Nowhere is Bap’s outsider stance more clear than in his approach to percussion. The drums on Jon Bap songs clash and clatter, fighting for control of the tempo and the listener’s ear. He allows beats to collide at odd angles, to play counter-rhythms, to create an air of barely-contained chaos. On What Now? Bap has taken this sensibility a step further by fully removing the drummer from the songwriting process. Nearly all of the drum tracks on What Now? were sampled from hours of jazz drummer Mike Mitchell’s improvisations, which Bap recorded in preparation for the album and then sequenced to create these tracks. On these songs, Mitchell’s playing evokes everything from Questlove’s off-kilter kit work on Voodoo to Zach Hill’s manic fills to the inhuman breakbeats of IDM artists like Squarepusher and Aphex Twin.
Despite the rhythmic discord, Bap’s best songs still manage to feel loose, warm and immediate. “Gotta Be Your Lover” sounds like the warped memory of a Prince song with a wind-up toy standing in for a drummer. “Don’t Run Into the Dark So Quick” is a devastating ballad, its wobbly, detuned guitar conjuring a dusty blues acetate, as Bap pleads with a wayward lover.

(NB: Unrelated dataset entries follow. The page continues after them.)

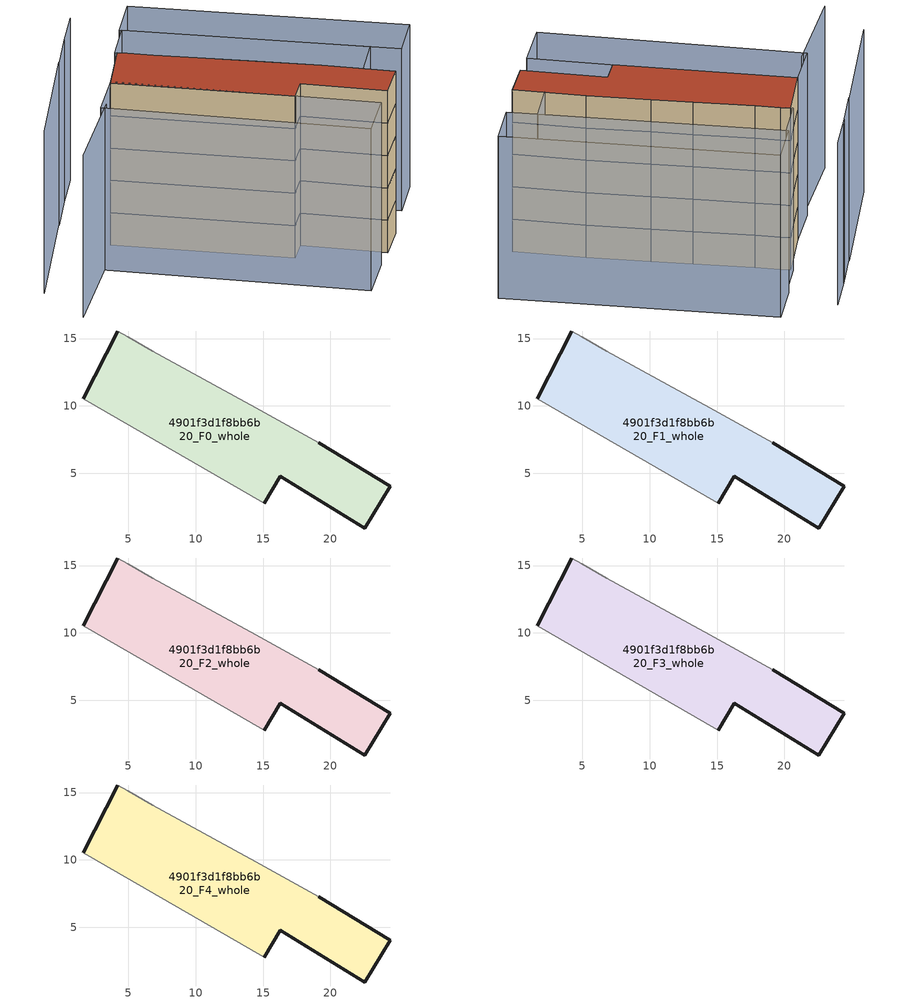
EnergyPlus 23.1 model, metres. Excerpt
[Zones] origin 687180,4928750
4901f3d1f8bb6b20_F0_whole
 floor ground (EU_floor_Construction): 19.14,7.27 24.44,4.03 22.55,0.92 16.29,4.75 15.07,2.76 1.65,10.51 4.2,15.56 4.93,15.14 6.81,14.05 11.32,11.57 14.44,9.85 z0
 wall outside (EU_wall_Construction): 15.07,2.76 16.29,4.75 22.55,0.92 24.44,4.03 19.14,7.27 / 4.2,15.56 1.65,10.51 z0:3
 wall adiabatic (EU_wall_Construction): 19.14,7.27 14.44,9.85 11.32,11.57 6.81,14.05 4.93,15.14 4.2,15.56 / 1.65,10.51 15.07,2.76 z0:3
4901f3d1f8bb6b20_F1_whole
 floor to 4901f3d1f8bb6b20_F0_whole (EU_floor_Construction): 19.14,7.27 24.44,4.03 22.55,0.92 16.29,4.75 15.07,2.76 1.65,10.51 4.2,15.56 4.93,15.14 6.81,14.05 11.32,11.57 14.44,9.85 z3
 wall outside (EU_wall_Construction): 15.07,2.76 16.29,4.75 22.55,0.92 24.44,4.03 19.14,7.27 / 4.2,15.56 1.65,10.51 z3:6
 wall adiabatic (EU_wall_Construction): 19.14,7.27 14.44,9.85 11.32,11.57 6.81,14.05 4.93,15.14 4.2,15.56 / 1.65,10.51 15.07,2.76 z3:6
4901f3d1f8bb6b20_F2_whole
 floor to 4901f3d1f8bb6b20_F1_whole (EU_floor_Construction): 19.14,7.27 24.44,4.03 22.55,0.92 16.29,4.75 15.07,2.76 1.65,10.51 4.2,15.56 4.93,15.14 6.81,14.05 11.32,11.57 14.44,9.85 z6
 wall outside (EU_wall_Construction): 15.07,2.76 16.29,4.75 22.55,0.92 24.44,4.03 19.14,7.27 / 4.2,15.56 1.65,10.51 z6:9
 wall adiabatic (EU_wall_Construction): 19.14,7.27 14.44,9.85 11.32,11.57 6.81,14.05 4.93,15.14 4.2,15.56 / 1.65,10.51 15.07,2.76 z6:9
4901f3d1f8bb6b20_F3_whole
 floor to 4901f3d1f8bb6b20_F2_whole (EU_floor_Construction): 19.14,7.27 24.44,4.03 22.55,0.92 16.29,4.75 15.07,2.76 1.65,10.51 4.2,15.56 4.93,15.14 6.81,14.05 11.32,11.57 14.44,9.85 z9
 wall outside (EU_wall_Construction): 15.07,2.76 16.29,4.75 22.55,0.92 24.44,4.03 19.14,7.27 / 4.2,15.56 1.65,10.51 z9:12
 wall adiabatic (EU_wall_Construction): 19.14,7.27 14.44,9.85 11.32,11.57 6.81,14.05 4.93,15.14 4.2,15.56 / 1.65,10.51 15.07,2.76 z9:12
4901f3d1f8bb6b20_F4_whole
 floor to 4901f3d1f8bb6b20_F3_whole (EU_floor_Construction): 19.14,7.27 24.44,4.03 22.55,0.92 16.29,4.75 15.07,2.76 1.65,10.51 4.2,15.56 4.93,15.14 6.81,14.05 11.32,11.57 14.44,9.85 z12
 wall outside (EU_wall_Construction): 15.07,2.76 16.29,4.75 22.55,0.92 24.44,4.03 19.14,7.27 / 4.2,15.56 1.65,10.51 z12:15
 wall adiabatic (EU_wall_Construction): 19.14,7.27 14.44,9.85 11.32,11.57 6.81,14.05 4.93,15.14 4.2,15.56 / 1.65,10.51 15.07,2.76 z12:15
 roof outside (EU_roof_Construction): 22.55,0.92 24.44,4.03 19.14,7.27 14.44,9.85 11.32,11.57 6.81,14.05 4.93,15.14 4.2,15.56 1.65,10.51 15.07,2.76 16.29,4.75 z15
shading: -5.19,-0.99 -0.05,7.01 / -0.91,15.65 -6.62,4.29 / 0.98,19.32 -0.97,15.46 / 2.88,22.88 0.84,19.03 / 18.76,-5.09 -0.71,6.56 / -0.71,6.56 1.77,10.71 / 1.77,10.71 21.24,-0.93 / 21.24,-0.93 18.76,-5.09 / 6.07,19.25 24.14,8.98 / 24.14,8.98 22.09,5.37 / 22.09,5.37 4.02,15.64 / 4.02,15.64 6.07,19.25 / 26.42,7.69 5.89,19.36 / 5.89,19.36 8.1,23.25 / 8.1,23.25 28.64,11.58 / 28.64,11.58 26.42,7.69 z0:15
[Building]
EU S2 Campaign: North Axis=0; Terrain=City; Solar Distribution=FullExterior
[Site:Location]
Bologna: Latitude=44.5; Longitude=11.25; Time Zone=1; Elevation=37
[SizingPeriod:WeatherFileDays]
AnnualSizingPeriod: Begin Month=1; Begin Day of Month=1; End Month=12; End Day of Month=31; Day of Week for Start Day=Monday; Use Weather File Daylight Saving Period=No; Use Weather File Rain and Snow Indicators=No
[MATERIAL]
EU_InternalMass_Material: Roughness=MediumRough; Thickness=0.1; Conductivity=1; Density=1800; Specific Heat=900; Thermal Absorptance=0.9; Solar Absorptance=0.7; Visible Absorptance=0.7
[MATERIAL:NOMASS] Roughness=MediumRough; Thermal Absorptance=0.9; Solar Absorptance=0.7; Visible Absorptance=0.7
Name | Thermal Resistance
EU_wall_NoMass | 0.905828
EU_roof_NoMass | 0.37593
EU_floor_NoMass | 0.67114
[CONSTRUCTION]
EU_wall_Construction: EU_wall_NoMass
EU_roof_Construction: EU_roof_NoMass
EU_floor_Construction: EU_floor_NoMass
EU_InternalMass_Construction: EU_InternalMass_Material
[ZONE] Type=1; Multiplier=1; Ceiling Height=autocalculate; Floor Area=autocalculate; Part of Total Floor Area=Yes
Name | Volume
4901f3d1f8bb6b20_F0_whole | 351.594
4901f3d1f8bb6b20_F1_whole; 4901f3d1f8bb6b20_F2_whole; 4901f3d1f8bb6b20_F3_whole; 4901f3d1f8bb6b20_F4_whole | 351.593
[INTERNALMASS] Construction=EU_InternalMass_Construction; Surface Area=117.198
Name | Zone or ZoneList
4901f3d1f8bb6b20_F0_whole_EU_InternalMass | 4901f3d1f8bb6b20_F0_whole
4901f3d1f8bb6b20_F1_whole_EU_InternalMass | 4901f3d1f8bb6b20_F1_whole
4901f3d1f8bb6b20_F2_whole_EU_InternalMass | 4901f3d1f8bb6b20_F2_whole
4901f3d1f8bb6b20_F3_whole_EU_InternalMass | 4901f3d1f8bb6b20_F3_whole
4901f3d1f8bb6b20_F4_whole_EU_InternalMass | 4901f3d1f8bb6b20_F4_whole
[OTHEREQUIPMENT] Fuel Type=Electricity; Design Level Calculation Method=Watts/Area; Power per Zone Floor Area=1; Fraction Latent=0; Fraction Radiant=0; Fraction Lost=0; Carbon Dioxide Generation Rate=0; EndUse Subcategory=EU_Step8_InternalGains
Name | Zone or ZoneList or Space or SpaceList | Schedule
EU_Step8_InternalGain_4901f3d1f8bb6b20_F0_whole_f000 | 4901f3d1f8bb6b20_F0_whole | EU_Step8_GainSchedule_4901f3d1f8bb6b20_F0_whole_f000
EU_Step8_InternalGain_4901f3d1f8bb6b20_F1_whole_f000 | 4901f3d1f8bb6b20_F1_whole | EU_Step8_GainSchedule_4901f3d1f8bb6b20_F1_whole_f000
EU_Step8_InternalGain_4901f3d1f8bb6b20_F2_whole_f000 | 4901f3d1f8bb6b20_F2_whole | EU_Step8_GainSchedule_4901f3d1f8bb6b20_F2_whole_f000
EU_Step8_InternalGain_4901f3d1f8bb6b20_F3_whole_f000 | 4901f3d1f8bb6b20_F3_whole | EU_Step8_GainSchedule_4901f3d1f8bb6b20_F3_whole_f000
EU_Step8_InternalGain_4901f3d1f8bb6b20_F4_whole_f000 | 4901f3d1f8bb6b20_F4_whole | EU_Step8_GainSchedule_4901f3d1f8bb6b20_F4_whole_f000
[ZONEVENTILATION:DESIGNFLOWRATE] Schedule=EU_AlwaysOn; Design Flow Rate Calculation Method=AirChanges/Hour; Air Changes per Hour=0.73129; Ventilation Type=Natural; Fan Pressure Rise=0; Fan Total Efficiency=1; Constant Term Coefficient=1; Temperature Term Coefficient=0; Velocity Term Coefficient=0; Velocity Squared Term Coefficient=0; Minimum Indoor Temperature=-100; Maximum Indoor Temperature=100; Delta Temperature=-100; Minimum Outdoor Temperature=-100; Maximum Outdoor Temperature=100; Maximum Wind Speed=40
Name | Zone or ZoneList or Space or SpaceList
EU_ConstantAir_4901f3d1f8bb6b20_F0_whole | 4901f3d1f8bb6b20_F0_whole
EU_ConstantAir_4901f3d1f8bb6b20_F1_whole | 4901f3d1f8bb6b20_F1_whole
EU_ConstantAir_4901f3d1f8bb6b20_F2_whole | 4901f3d1f8bb6b20_F2_whole
EU_ConstantAir_4901f3d1f8bb6b20_F3_whole | 4901f3d1f8bb6b20_F3_whole
EU_ConstantAir_4901f3d1f8bb6b20_F4_whole | 4901f3d1f8bb6b20_F4_whole
[HVACTEMPLATE:THERMOSTAT] Constant Heating Setpoint=20; Constant Cooling Setpoint=50
EU_HeatOnly_4901f3d1f8bb6b20_F0_whole; EU_HeatOnly_4901f3d1f8bb6b20_F1_whole; EU_HeatOnly_4901f3d1f8bb6b20_F2_whole; EU_HeatOnly_4901f3d1f8bb6b20_F3_whole; EU_HeatOnly_4901f3d1f8bb6b20_F4_whole
[HVACTEMPLATE:ZONE:IDEALLOADSAIRSYSTEM] System Availability Schedule=EU_AlwaysOn; Maximum Heating Supply Air Temperature=50; Minimum Cooling Supply Air Temperature=13; Maximum Heating Supply Air Humidity Ratio=0.0156; Minimum Cooling Supply Air Humidity Ratio=0.0077; Heating Limit=NoLimit; Cooling Limit=NoLimit; Heating Availability Schedule=EU_AlwaysOn; Cooling Availability Schedule=EU_CoolingOff; Dehumidification Control Type=ConstantSensibleHeatRatio; Cooling Sensible Heat Ratio=0.7; Dehumidification Setpoint=60; Humidification Control Type=None; Humidification Setpoint=30; Outdoor Air Method=None; Outdoor Air Flow Rate per Person=0.00944; Outdoor Air Flow Rate per Zone Floor Area=0; Outdoor Air Flow Rate per Zone=0; Demand Controlled Ventilation Type=None; Outdoor Air Economizer Type=NoEconomizer; Heat Recovery Type=None; Sensible Heat Recovery Effectiveness=0.7; Latent Heat Recovery Effectiveness=0.65
Name | Template Thermostat
4901f3d1f8bb6b20_F0_whole | EU_HeatOnly_4901f3d1f8bb6b20_F0_whole
4901f3d1f8bb6b20_F1_whole | EU_HeatOnly_4901f3d1f8bb6b20_F1_whole
4901f3d1f8bb6b20_F2_whole | EU_HeatOnly_4901f3d1f8bb6b20_F2_whole
4901f3d1f8bb6b20_F3_whole | EU_HeatOnly_4901f3d1f8bb6b20_F3_whole
4901f3d1f8bb6b20_F4_whole | EU_HeatOnly_4901f3d1f8bb6b20_F4_whole
[SIZING:ZONE] Zone Cooling Design Supply Air Temperature Input Method=SupplyAirTemperature; Zone Cooling Design Supply Air Temperature=13; Zone Heating Design Supply Air Temperature Input Method=SupplyAirTemperature; Zone Heating Design Supply Air Temperature=50; Zone Cooling Design Supply Air Humidity Ratio=0.008; Zone Heating Design Supply Air Humidity Ratio=0.008; Cooling Design Air Flow Method=DesignDay; Cooling Design Air Flow Rate=0; Cooling Minimum Air Flow per Zone Floor Area=0.000762; Cooling Minimum Air Flow=0; Cooling Minimum Air Flow Fraction=0.2; Heating Design Air Flow Method=DesignDay; Heating Design Air Flow Rate=0; Heating Maximum Air Flow per Zone Floor Area=0.002032; Heating Maximum Air Flow=0.141576; Heating Maximum Air Flow Fraction=0.3; Account for Dedicated Outdoor Air System=No; Dedicated Outdoor Air System Control Strategy=NeutralSupplyAir; Dedicated Outdoor Air Low Setpoint Temperature for Design=autosize; Dedicated Outdoor Air High Setpoint Temperature for Design=autosize; Zone Load Sizing Method=Sensible Load Only No Latent Load; Zone Latent Cooling Design Supply Air Humidity Ratio Input Method=HumidityRatioDifference; Zone Cooling Design Supply Air Humidity Ratio Difference=0.005; Zone Latent Heating Design Supply Air Humidity Ratio Input Method=HumidityRatioDifference; Zone Humidification Design Supply Air Humidity Ratio Difference=0.005
4901f3d1f8bb6b20_F0_whole; 4901f3d1f8bb6b20_F1_whole; 4901f3d1f8bb6b20_F2_whole; 4901f3d1f8bb6b20_F3_whole; 4901f3d1f8bb6b20_F4_whole
[SCHEDULE:CONSTANT]
Name | Hourly Value
EU_AlwaysOn | 1
EU_CoolingOff | 0
[SCHEDULE:FILE] Column Number=1; Rows to Skip at Top=0; Number of Hours of Data=8760; Column Separator=Comma; Interpolate to Timestep=No; Minutes per Item=60; Adjust Schedule for Daylight Savings=Yes
Name | File
EU_Step8_GainSchedule_4901f3d1f8bb6b20_F0_whole_f000 | ../../schedules/4901f3d1f8bb6b20/4901f3d1f8bb6b20_F0_whole_f000_gain.csv
EU_Step8_GainSchedule_4901f3d1f8bb6b20_F1_whole_f000 | ../../schedules/4901f3d1f8bb6b20/4901f3d1f8bb6b20_F1_whole_f000_gain.csv
EU_Step8_GainSchedule_4901f3d1f8bb6b20_F2_whole_f000 | ../../schedules/4901f3d1f8bb6b20/4901f3d1f8bb6b20_F2_whole_f000_gain.csv
EU_Step8_GainSchedule_4901f3d1f8bb6b20_F3_whole_f000 | ../../schedules/4901f3d1f8bb6b20/4901f3d1f8bb6b20_F3_whole_f000_gain.csv
EU_Step8_GainSchedule_4901f3d1f8bb6b20_F4_whole_f000 | ../../schedules/4901f3d1f8bb6b20/4901f3d1f8bb6b20_F4_whole_f000_gain.csv

And “Let It Happen,” the beautifully off-balance, Jeff Buckley-esque title track from Bap’s debut EP, gets a welcome reprise here, closing the album with one of Bap’s strongest vocal performances to date.
Jon Bap is a promising new voice, and the inventiveness and confidence he displays here is commendable, but he might benefit from an editor. What Now? has more than its fair share of interludes, field recordings and spoken-word bits, but its primary shortcoming is that there are simply not enough songs, especially by way of comparison to his more focused debut EP. Similarly, not every sonic experiment here clicks; songs like “Intuition” border on cacophonous in parts, when the songwriting begins to bow under the weight of too many tempos and layers. Still, it’s not difficult to see how this sort of willful messiness might support Bap’s overall aim, to surprise and unsettle the listener but also, to see that her patience is rewarded.